Abstract
Measurement of C-reactive protein (CRP), an inflammatory marker associated with coronary heart disease (CHD) events, has been proposed as a means of screening for future CHD. In prospective studies about a three-fold increase in risk of CHD observed between the top fifth and bottom fifth of the CRP distribution has been taken to support the use of CRP as a screening test. This however gives an over-optimistic impression of its value, because people in the middle of the distribution, where most CHD events occur, are excluded from the analysis. A different analysis is needed to assess whether screening is worthwhile. Examination of the relative frequency distributions of CRP in individuals from 22 prospective studies of individuals without previous cardiovascular disease who subsequently did and did not have a CHD event shows that the detection rate (or sensitivity) was 18% for a false-positive rate of 10% (CRP cut-off 6.65 mg/L); a poor screening test. Whatever CRP cut-off is used, the overlap in CRP values between affected and unaffected individuals is too great for CRP to usefully discriminate between those who will and will not have a CHD event.
An examination of the relative frequency distributions of CRP in individuals with and without subsequent CHD events provides direct estimates of screening performance: the detection rate (the proportion of affected individuals with a positive CRP test result) for specified false-positive rates (proportion of unaffected individuals with a positive CRP test result). Shah et al. 1 showed that CRP is a poor screening test with a detection rate of about 16% (95% CI 15–17%) for a false-positive rate of 10%, based on a meta-analysis of 25 published studies. Thirteen of these included some individuals with and others without cardiovascular disease at baseline. We conducted a screening meta-analysis of 22 studies of individuals without prior cardiovascular disease,5–26 including 12 studies considered by Shah and colleagues and a further 10 from a Medline search of prospective studies published up to May 2009. Figure 1 shows the detection rates for a 10% false-positive rate in each of the 22 studies ordered by the mean age of participant together with the summary estimate based on all 22 studies. This showed an 18% detection rate (16–20%) for a 10% false-positive rate.

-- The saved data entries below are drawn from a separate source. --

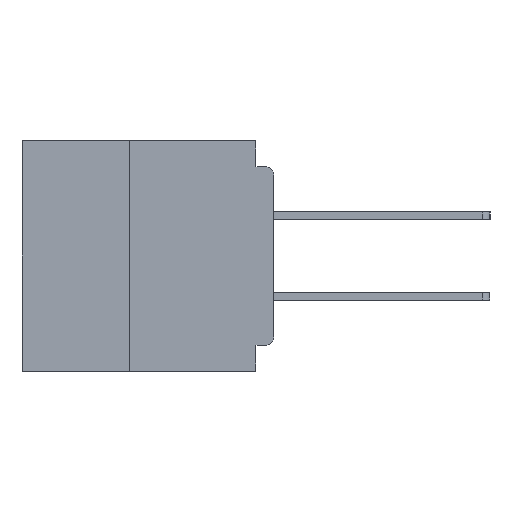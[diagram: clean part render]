
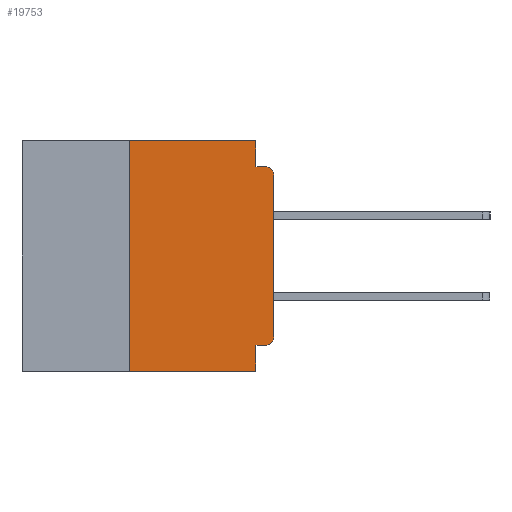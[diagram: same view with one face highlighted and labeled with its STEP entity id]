
A CAD part, left-side view. The second image highlights one B-rep face of the part: STEP entity #19753.
In plain terms, the highlighted planar face has unit normal (-1, 0, 0).
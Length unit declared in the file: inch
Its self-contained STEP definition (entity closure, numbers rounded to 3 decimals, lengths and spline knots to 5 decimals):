
#220 = DIRECTION ( 'NONE',  ( 0., 0., 1. ) ) ;
#928 = VERTEX_POINT ( 'NONE', #35446 ) ;
#971 = VERTEX_POINT ( 'NONE', #8191 ) ;
#1024 = VERTEX_POINT ( 'NONE', #1781 ) ;
#1467 = DIRECTION ( 'NONE',  ( 0., 0., -1. ) ) ;
#1781 = CARTESIAN_POINT ( 'NONE',  ( 0., 0.25, 0. ) ) ;
#2708 = CARTESIAN_POINT ( 'NONE',  ( 0., 0., -0.34 ) ) ;
#2892 = EDGE_CURVE ( 'NONE', #6599, #1024, #21522, .T. ) ;
#4522 = ORIENTED_EDGE ( 'NONE', *, *, #23025, .T. ) ;
#4667 = ORIENTED_EDGE ( 'NONE', *, *, #26413, .T. ) ;
#4980 = CARTESIAN_POINT ( 'NONE',  ( 0., 0.031, 0. ) ) ;
#5041 = LINE ( 'NONE', #22967, #27025 ) ;
#5060 = DIRECTION ( 'NONE',  ( 0., -1., 0. ) ) ;
#5244 = ORIENTED_EDGE ( 'NONE', *, *, #13978, .F. ) ;
#5645 = CARTESIAN_POINT ( 'NONE',  ( 0., 0.031, -0.4 ) ) ;
#5896 = ORIENTED_EDGE ( 'NONE', *, *, #11210, .F. ) ;
#6440 = ORIENTED_EDGE ( 'NONE', *, *, #18374, .F. ) ;
#6599 = VERTEX_POINT ( 'NONE', #12198 ) ;
#6602 = CARTESIAN_POINT ( 'NONE',  ( 0., 0., -0.355 ) ) ;
#6841 = AXIS2_PLACEMENT_3D ( 'NONE', #17176, #8464, #28532 ) ;
#7287 = EDGE_LOOP ( 'NONE', ( #4667, #4522, #5244, #6440, #5896, #7689, #7584, #7452, #8407, #10411 ) ) ;
#7452 = ORIENTED_EDGE ( 'NONE', *, *, #12307, .F. ) ;
#7584 = ORIENTED_EDGE ( 'NONE', *, *, #12950, .T. ) ;
#7689 = ORIENTED_EDGE ( 'NONE', *, *, #2892, .F. ) ;
#8130 = EDGE_CURVE ( 'NONE', #18575, #15893, #23284, .T. ) ;
#8191 = CARTESIAN_POINT ( 'NONE',  ( 0., 0., -0.06 ) ) ;
#8407 = ORIENTED_EDGE ( 'NONE', *, *, #22925, .F. ) ;
#8464 = DIRECTION ( 'NONE',  ( 1., 0., 0. ) ) ;
#8651 = AXIS2_PLACEMENT_3D ( 'NONE', #35555, #18851, #1467 ) ;
#10411 = ORIENTED_EDGE ( 'NONE', *, *, #8130, .T. ) ;
#10434 = CARTESIAN_POINT ( 'NONE',  ( 0., 0.031, -0.4 ) ) ;
#11210 = EDGE_CURVE ( 'NONE', #1024, #34376, #5041, .T. ) ;
#12000 = CARTESIAN_POINT ( 'NONE',  ( 0., 0.031, 0. ) ) ;
#12198 = CARTESIAN_POINT ( 'NONE',  ( 0., 0.25, -0.4 ) ) ;
#12307 = EDGE_CURVE ( 'NONE', #30439, #31467, #18837, .T. ) ;
#12950 = EDGE_CURVE ( 'NONE', #6599, #31467, #26686, .T. ) ;
#13854 = AXIS2_PLACEMENT_3D ( 'NONE', #31033, #14012, #33822 ) ;
#13978 = EDGE_CURVE ( 'NONE', #19333, #928, #31447, .T. ) ;
#14012 = DIRECTION ( 'NONE',  ( -1., 0., 0. ) ) ;
#15893 = VERTEX_POINT ( 'NONE', #2708 ) ;
#16757 = LINE ( 'NONE', #4980, #22544 ) ;
#16782 = CARTESIAN_POINT ( 'NONE',  ( 0., 0., -0.045 ) ) ;
#17176 = CARTESIAN_POINT ( 'NONE',  ( 0., 0.437, 0. ) ) ;
#17642 = CARTESIAN_POINT ( 'NONE',  ( 0., 0., 0. ) ) ;
#17943 = VECTOR ( 'NONE', #27673, 39.37008 ) ;
#18374 = EDGE_CURVE ( 'NONE', #34376, #19333, #16757, .T. ) ;
#18575 = VERTEX_POINT ( 'NONE', #25952 ) ;
#18837 = LINE ( 'NONE', #10434, #17943 ) ;
#18851 = DIRECTION ( 'NONE',  ( -1., 0., 0. ) ) ;
#19333 = VERTEX_POINT ( 'NONE', #32080 ) ;
#19753 = ADVANCED_FACE ( 'NONE', ( #29506 ), #33975, .F. ) ;
#20664 = VECTOR ( 'NONE', #30286, 39.37008 ) ;
#21057 = DIRECTION ( 'NONE',  ( 0., 1., 0. ) ) ;
#21420 = VECTOR ( 'NONE', #220, 39.37008 ) ;
#21522 = LINE ( 'NONE', #26074, #20664 ) ;
#22544 = VECTOR ( 'NONE', #30748, 39.37008 ) ;
#22925 = EDGE_CURVE ( 'NONE', #18575, #30439, #29648, .T. ) ;
#22967 = CARTESIAN_POINT ( 'NONE',  ( 0., 0.437, 0. ) ) ;
#23025 = EDGE_CURVE ( 'NONE', #971, #928, #35237, .T. ) ;
#23284 = CIRCLE ( 'NONE', #13854, 0.015 ) ;
#25299 = DIRECTION ( 'NONE',  ( 0., -1., 0. ) ) ;
#25952 = CARTESIAN_POINT ( 'NONE',  ( 0., 0.015, -0.355 ) ) ;
#26074 = CARTESIAN_POINT ( 'NONE',  ( 0., 0.25, -0.4 ) ) ;
#26413 = EDGE_CURVE ( 'NONE', #15893, #971, #34542, .T. ) ;
#26686 = LINE ( 'NONE', #28021, #33247 ) ;
#27025 = VECTOR ( 'NONE', #28622, 39.37008 ) ;
#27673 = DIRECTION ( 'NONE',  ( 0., 0., -1. ) ) ;
#28021 = CARTESIAN_POINT ( 'NONE',  ( 0., 0.437, -0.4 ) ) ;
#28532 = DIRECTION ( 'NONE',  ( 0., 0., -1. ) ) ;
#28622 = DIRECTION ( 'NONE',  ( 0., -1., 0. ) ) ;
#28783 = CARTESIAN_POINT ( 'NONE',  ( 0., 0.031, -0.355 ) ) ;
#28798 = VECTOR ( 'NONE', #21057, 39.37008 ) ;
#29506 = FACE_OUTER_BOUND ( 'NONE', #7287, .T. ) ;
#29648 = LINE ( 'NONE', #6602, #28798 ) ;
#30286 = DIRECTION ( 'NONE',  ( 0., 0., 1. ) ) ;
#30439 = VERTEX_POINT ( 'NONE', #28783 ) ;
#30748 = DIRECTION ( 'NONE',  ( 0., 0., -1. ) ) ;
#31033 = CARTESIAN_POINT ( 'NONE',  ( 0., 0.015, -0.34 ) ) ;
#31447 = LINE ( 'NONE', #16782, #36136 ) ;
#31467 = VERTEX_POINT ( 'NONE', #5645 ) ;
#32080 = CARTESIAN_POINT ( 'NONE',  ( 0., 0.031, -0.045 ) ) ;
#33247 = VECTOR ( 'NONE', #25299, 39.37008 ) ;
#33822 = DIRECTION ( 'NONE',  ( 0., 0., -1. ) ) ;
#33975 = PLANE ( 'NONE',  #6841 ) ;
#34376 = VERTEX_POINT ( 'NONE', #12000 ) ;
#34542 = LINE ( 'NONE', #17642, #21420 ) ;
#35237 = CIRCLE ( 'NONE', #8651, 0.015 ) ;
#35446 = CARTESIAN_POINT ( 'NONE',  ( 0., 0.015, -0.045 ) ) ;
#35555 = CARTESIAN_POINT ( 'NONE',  ( 0., 0.015, -0.06 ) ) ;
#36136 = VECTOR ( 'NONE', #5060, 39.37008 ) ;

C-reactive protein (CRP) as a screening test for future coronary heart disease (CHD) events: estimates of detection rate for a 10% false-positive rate from prospective studies of individuals without CHD at baseline and a summary estimate for all studies
Plots of detection rate against false-positive rate (so-called receiver operating characterstic [ROC] curves) are often used to assess the value of a screening test. Figure 2 shows this based on the meta-analysis of 22 CRP studies. The closer the curve to the diagonal, the worse the test. The ‘area under the curve’ (or so-called ‘c’ statistic) is often used as a measure of screening performance, with values ranging from 0.5 (a useless test, where detection rate always equals false-positive rate) to 1.0 (a perfect test) – for CRP it is 0.57. This measure is not very informative, because it does not indicate directly what matters, namely the CRP cut-offs that are needed to yield detection rates for specified false-positive rates, and because the value is influenced by false-positive rates that are unlikely to be adopted in practice.
C-reactive protein (CRP) as a screening test for future coronary heart disease: plot of detection rate against false-positive rate, based on 22 prospective studies
Figure 3 shows the distributions of CRP in individuals who did and did not have a CHD event over time based on the meta-analysis of 22 studies. These give a simple visual assessment of the screening performance of a test (the smaller the overlap the better the test). From the distributions it is easy to get an accurate indication of the detection rate for different false-positive rates according to the CRP cut-off – clinically relevant information that is not given in an ROC curve. The detection rates for 5%, 10%, 15%, 20% and 30% false-positive rates were 11%, 18%, 26%, 32% and 42%, requiring CRP cut-offs of 9.7, 6.7, 4.8, 3.8 and 2.6 mg/L respectively. Whatever CRP cut-off is used, the overlap is too great for CRP to usefully discriminate between those who will and will not have a CHD event.
Relative frequency distributions of C-reactive protein (CRP) values in individuals who subsequently had a coronary heart disease event (affected) and unaffected individuals; detection rates with 3 CRP cut-offs (mg/L) shown corresponding to false-positive rates of 5%, 10% and 20%, based on 22 prospective studies
In 2003 the American Heart Association concluded that CRP may be used at the discretion of a physician as part of standard risk factor measurement to assess a person's risk of CHD and select individuals for preventive treatment, but acknowledged that the benefits of this strategy remained uncertain. 27 In spite of the uncertainty, the JUPITER trial adopted CRP as a screening test in a systematic way, using a cut-off of 2 mg/L to select men (≥50 years of age) and women (≥60) for inclusion in the trial of rosuvastatin versus placebo. 28 Rather than resolving the uncertainty over whether CRP screening is worthwhile, the trial assumed that it was. The opposite is the case. Figure 3 shows that a CRP cut-off of 2 mg/L yields a detection rate of about 50% for a false-positive rate of about 40%. Screening using CRP is little better than selecting people at random for preventive treatment.